Kenya

Kenya : un bateau construit grâce à des déchets plastiques

Un boutre traditionnel fait entièrement de déchets et de claquettes part en expédition le long de la côte kényane pour sensibiliser aux effets néfastes des déchets plastiques.

Avec sa voile triangulaire caractéristique, ce bateau ayant entrepris une expédition le long des côtes est-africaines à presque tout du boutre traditionnel. À un détail près : il a été construit grâce à des déchets plastiques ramassés notamment sur les plages kényanes.

Les boutres sont une icône sur la côte kényane, ayant traversé ces eaux de l’océan Indien pendant environ 2 000 ans.

“Nous avions ce rêve de faire un boutre en plastique recyclé, car aujourd’hui le monde pleure tellement sur le plastique, et nous sentons que c’est notre responsabilité de créer cette solution, parce que nous polluons notre environnement, de nombreuses créatures souffrent de cette jungle de plastique”, témoigne Ali Skanda, constructeur du boutre FlipFlopi.

Avec l’objectif de sensibiliser aux effets dévastateurs de la pollution au plastique, le Flipflopi a entamé un périple de 500 kilomètres jeudi à Lamu, au nord de la côte kényane. Il doit atteindre sa destination finale, l‘île de Zanzibar, le 6 février.
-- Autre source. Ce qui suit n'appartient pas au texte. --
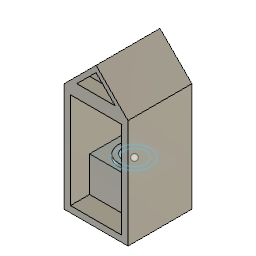
outHouse (Autodesk Fusion 360 design; units mm, degrees)
Autodesk Fusion 360 part; units mm, degrees
sketch "Sketch1" plane through (0, 0, 0) normal (0, 1, 0) x (1, 0, 0)
  line L0 (0, 0) -> (10, 0)
  line L1 (10, 0) -> (10, -17)
  line L2 (0, -17) -> (0, 0)
  line L3 (0, -17) -> (5, -22)
  line L4 (5, -22) -> (10, -17)
  dimension "d1" = 10
  dimension "d2" = 17
  constraint horizontal L0
  constraint vertical L1
  constraint vertical L2
  constraint coincident L0.start L2.end
  measures "d1" distance of L0.start L0.end
  measures "d2" distance of L0.start L2.start
extrude "Extrude1" add sketch "Sketch1" along normal blind 10
sketch "Sketch2" plane through (0, 0, 0) normal (0, 1, 0) x (1, 0, 0)
  line L0 (1, -1) -> (9, -1)
  line L1 (9, -1) -> (9, -16)
  line L2 (9, -16) -> (1, -16)
  line L3 (1, -16) -> (1, -1)
  line L4 (2, -18) -> (8, -18)
  line L5 (8, -18) -> (5, -21)
  line L6 (5, -21) -> (2, -18)
  constraint horizontal L0
  constraint vertical L1
  constraint horizontal L2
  constraint vertical L3
  constraint horizontal L4
extrude "Extrude2" cut sketch "Sketch2" along normal blind 2 contours L4 L5 L6
extrude "Extrude3" cut sketch "Sketch2" along normal blind 9 contours L0 L1 L2 L3
sketch "Sketch3" plane through (0, 9, 0) normal (0, -1, 0) x (1, 0, 0)
  line L0 (9, 16) -> (1, 16)
  line L1 (1, 16) -> (1, 1)
  line L2 (1, 1) -> (9, 1)
  line L3 (9, 1) -> (9, 16)
  line L4 (1, 1) -> (9, 1)
  line L5 (9, 1) -> (9, 6.5)
  line L6 (9, 6.5) -> (1, 6.5)
  line L7 (1, 6.5) -> (1, 1)
  constraint horizontal L4
  constraint vertical L5
  constraint horizontal L6
  constraint vertical L7
  constraint coincident L3 L5.end
  constraint coincident L1.end L2.start
extrude "Extrude4" add sketch "Sketch3" along normal blind 6 contours L1 L2 L3 L4 L5 L6 L7
sketch "Sketch4" plane through (0, 0, 6.5) normal (0, 0, 1) x (-1, 0, 0)
  line L0 (-9, -9) -> (-1, -9)
  line L1 (-1, -9) -> (-1, -3)
  line L2 (-1, -3) -> (-9, -3)
  line L3 (-9, -3) -> (-9, -9)
  circle A0 centre (-5, -6) radius 2.5
  circle A1 centre (-5, -6) radius 1.75
  dimension "d11" = 5
  dimension "d12" = 3.5
  constraint concentric A0 A1
  measures "d11" diameter of A0
  measures "d12" diameter of A1
extrude "Extrude5" add sketch "Sketch4" along normal blind 0.5 contours A0
extrude "Extrude6" cut sketch "Sketch4" against normal blind 3 contours A1

Seul le mât est en bois. Le reste du bateau, coque et quille en tête, a été construit à l’aide de 10 tonnes de plastique déchiqueté et puis moulé.

La coque a ensuite été recouverte de 30.000 sandales “tong” aux couleurs criardes, également ramassées sur les plages, qui ont donné leur nom au bateau (ces sandales sont appelées flipflop en anglais) et lui donne l’aspect d’un patchwork multicolore.

“Ça me semble si simple, si évident, la motivation est simplement de partager quelque chose de positif. Nous voulions avoir un message coloré et beau et c’est ce qu’est le boutre Flipflopi. C’est donc un message très clair et positif sur la valeur du plastique et c’est ce que nous avons construit”, lance Ben Morrison, fondateur du projet FlipFlopi.

Long de 9 mètres, le Flipflopi a été construit pendant trois ans à Lamu par des constructeurs de boutres traditionnels, en utilisant des techniques simples qui peuvent aisément être reproduites, note Dipesh Pabari.

Toutes les personnes ayant participé au projet étaient des bénévoles. Le financement a été assuré par ces derniers, par crowdfunding et par de petites donations, avant que le PNUE ne s’implique pour financer l’expédition du Flipflopi.

Dans le futur, M. Pabari espère construire un boutre de 20 mètres de long, et le faire naviguer jusque Le Cap, en Afrique du Sud.